_TASK OBJECTIVE_
Your output should match the listing below word for word, without any images.

_DATA UNDER STUDY_
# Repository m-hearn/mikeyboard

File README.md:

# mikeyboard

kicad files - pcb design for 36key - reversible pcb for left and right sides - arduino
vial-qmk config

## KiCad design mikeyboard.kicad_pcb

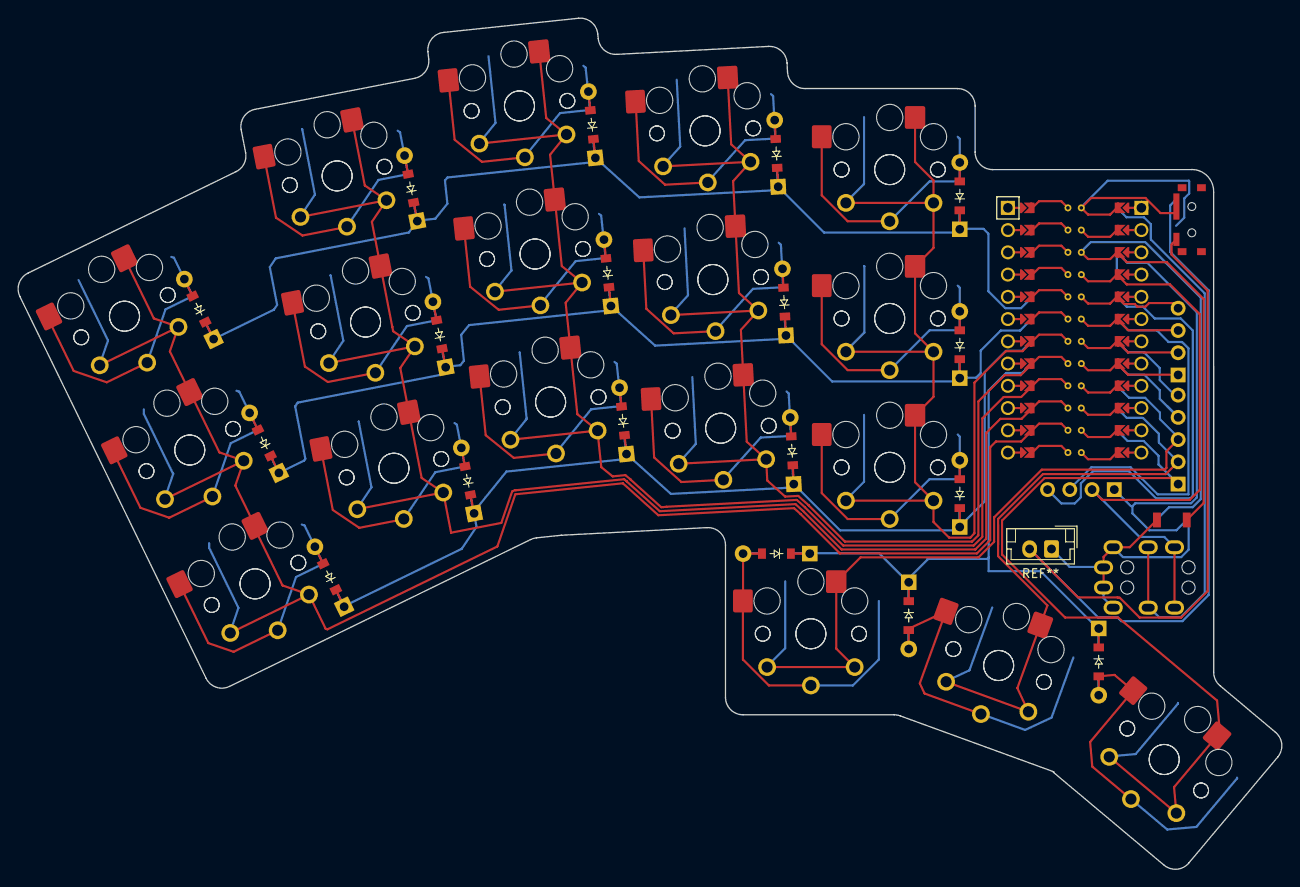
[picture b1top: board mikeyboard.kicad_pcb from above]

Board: 2 copper layers, 144.3 x 97.2 mm, 59 parts (0 on the bottom side), 32 nets.

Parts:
D1, D2, D3, D4, D5, D6, D7, D8, D9, D10, D11, D12, D13, D14, D15, D16, D17, D18: ComboDiode
H1: Hdr; PinHeader_1x05_P2.54mm_Vertical
MCU1: ProMicro
OLED1, OLED2: OLED; OLED_headers
S1, S2, S3, S4, S5, S6, S7, S8, S9, S10, S11, S12, S13, S14, S15, S16, S17, S18, S19, S20, S21, S22, S23, S24, S25, S26, S27, S28, S29, S30, S31, S32, S33, S34, S35, S36: PG1350
TRRS1: TRRS-PJ-320A-dual

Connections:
GND: MCU1.2, MCU1.21, MCU1.22, OLED1.1, TRRS1.1, TRRS1.2
P4: H1.4, MCU1.18, S13.1, S14.1, S15.1, S31.1, S32.1, S33.1
P5: H1.3, MCU1.17, S10.1, S11.1, S12.1, S28.1, S29.1, S30.1
P6: H1.2, MCU1.16, S7.1, S8.1, S9.1, S16.1, S25.1, S26.1, S27.1, S34.1
P7: H1.1, MCU1.15, S4.1, S5.1, S6.1, S17.1, S22.1, S23.1, S24.1, S35.1
P8: H1.1, MCU1.14, S1.1, S2.1, S3.1, S18.1, S19.1, S20.1, S21.1, S36.1
P18: D16.1, D17.1, D18.1, MCU1.8, OLED2.1
P19: D1.1, D4.1, D7.1, D10.1, D13.1, MCU1.7, OLED2.2
P20: D2.1, D5.1, D8.1, D11.1, D14.1, MCU1.6, OLED2.3
P21: D3.1, D6.1, D9.1, D12.1, D15.1, MCU1.5, OLED2.4
SCL: MCU1.19, OLED1.3
SDA: MCU1.20, OLED1.4
Tx: MCU1.24, TRRS1.3
VCC: MCU1.4, OLED1.2, TRRS1.4
far_thumb: D18.2, S18.2, S36.2
home_thumb: D17.2, S17.2, S35.2
index_bottom: D10.2, S10.2, S28.2
index_home: D11.2, S11.2, S29.2
index_top: D12.2, S12.2, S30.2
inner_bottom: D13.2, S13.2, S31.2
inner_home: D14.2, S14.2, S32.2
inner_top: D15.2, S15.2, S33.2
middle_bottom: D7.2, S7.2, S25.2
middle_home: D8.2, S8.2, S26.2
middle_top: D9.2, S9.2, S27.2
near_thumb: D16.2, S16.2, S34.2
pinkie_bottom: D1.2, S1.2, S19.2
pinkie_home: D2.2, S2.2, S20.2
pinkie_top: D3.2, S3.2, S21.2
ring_bottom: D4.2, S4.2, S22.2
ring_home: D5.2, S5.2, S23.2
ring_top: D6.2, S6.2, S24.2

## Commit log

2024-06-29 Add files via upload
    Initial commit

_THE COMPLETED TASK_
# Repository m-hearn/mikeyboard

File README.md:

# mikeyboard

kicad files - pcb design for 36key - reversible pcb for left and right sides - arduino
vial-qmk config

## KiCad design mikeyboard.kicad_pcb

[picture b1top: board mikeyboard.kicad_pcb from above]

Board: 2 copper layers, 144.3 x 97.2 mm, 59 parts (0 on the bottom side), 32 nets.

Parts:
D1, D2, D3, D4, D5, D6, D7, D8, D9, D10, D11, D12, D13, D14, D15, D16, D17, D18: ComboDiode
H1: Hdr; PinHeader_1x05_P2.54mm_Vertical
MCU1: ProMicro
OLED1, OLED2: OLED; OLED_headers
S1, S2, S3, S4, S5, S6, S7, S8, S9, S10, S11, S12, S13, S14, S15, S16, S17, S18, S19, S20, S21, S22, S23, S24, S25, S26, S27, S28, S29, S30, S31, S32, S33, S34, S35, S36: PG1350
TRRS1: TRRS-PJ-320A-dual

Connections:
GND: MCU1.2, MCU1.21, MCU1.22, OLED1.1, TRRS1.1, TRRS1.2
P4: H1.4, MCU1.18, S13.1, S14.1, S15.1, S31.1, S32.1, S33.1
P5: H1.3, MCU1.17, S10.1, S11.1, S12.1, S28.1, S29.1, S30.1
P6: H1.2, MCU1.16, S7.1, S8.1, S9.1, S16.1, S25.1, S26.1, S27.1, S34.1
P7: H1.1, MCU1.15, S4.1, S5.1, S6.1, S17.1, S22.1, S23.1, S24.1, S35.1
P8: H1.1, MCU1.14, S1.1, S2.1, S3.1, S18.1, S19.1, S20.1, S21.1, S36.1
P18: D16.1, D17.1, D18.1, MCU1.8, OLED2.1
P19: D1.1, D4.1, D7.1, D10.1, D13.1, MCU1.7, OLED2.2
P20: D2.1, D5.1, D8.1, D11.1, D14.1, MCU1.6, OLED2.3
P21: D3.1, D6.1, D9.1, D12.1, D15.1, MCU1.5, OLED2.4
SCL: MCU1.19, OLED1.3
SDA: MCU1.20, OLED1.4
Tx: MCU1.24, TRRS1.3
VCC: MCU1.4, OLED1.2, TRRS1.4
far_thumb: D18.2, S18.2, S36.2
home_thumb: D17.2, S17.2, S35.2
index_bottom: D10.2, S10.2, S28.2
index_home: D11.2, S11.2, S29.2
index_top: D12.2, S12.2, S30.2
inner_bottom: D13.2, S13.2, S31.2
inner_home: D14.2, S14.2, S32.2
inner_top: D15.2, S15.2, S33.2
middle_bottom: D7.2, S7.2, S25.2
middle_home: D8.2, S8.2, S26.2
middle_top: D9.2, S9.2, S27.2
near_thumb: D16.2, S16.2, S34.2
pinkie_bottom: D1.2, S1.2, S19.2
pinkie_home: D2.2, S2.2, S20.2
pinkie_top: D3.2, S3.2, S21.2
ring_bottom: D4.2, S4.2, S22.2
ring_home: D5.2, S5.2, S23.2
ring_top: D6.2, S6.2, S24.2

## Commit log

2024-06-29 Add files via upload
    Initial commit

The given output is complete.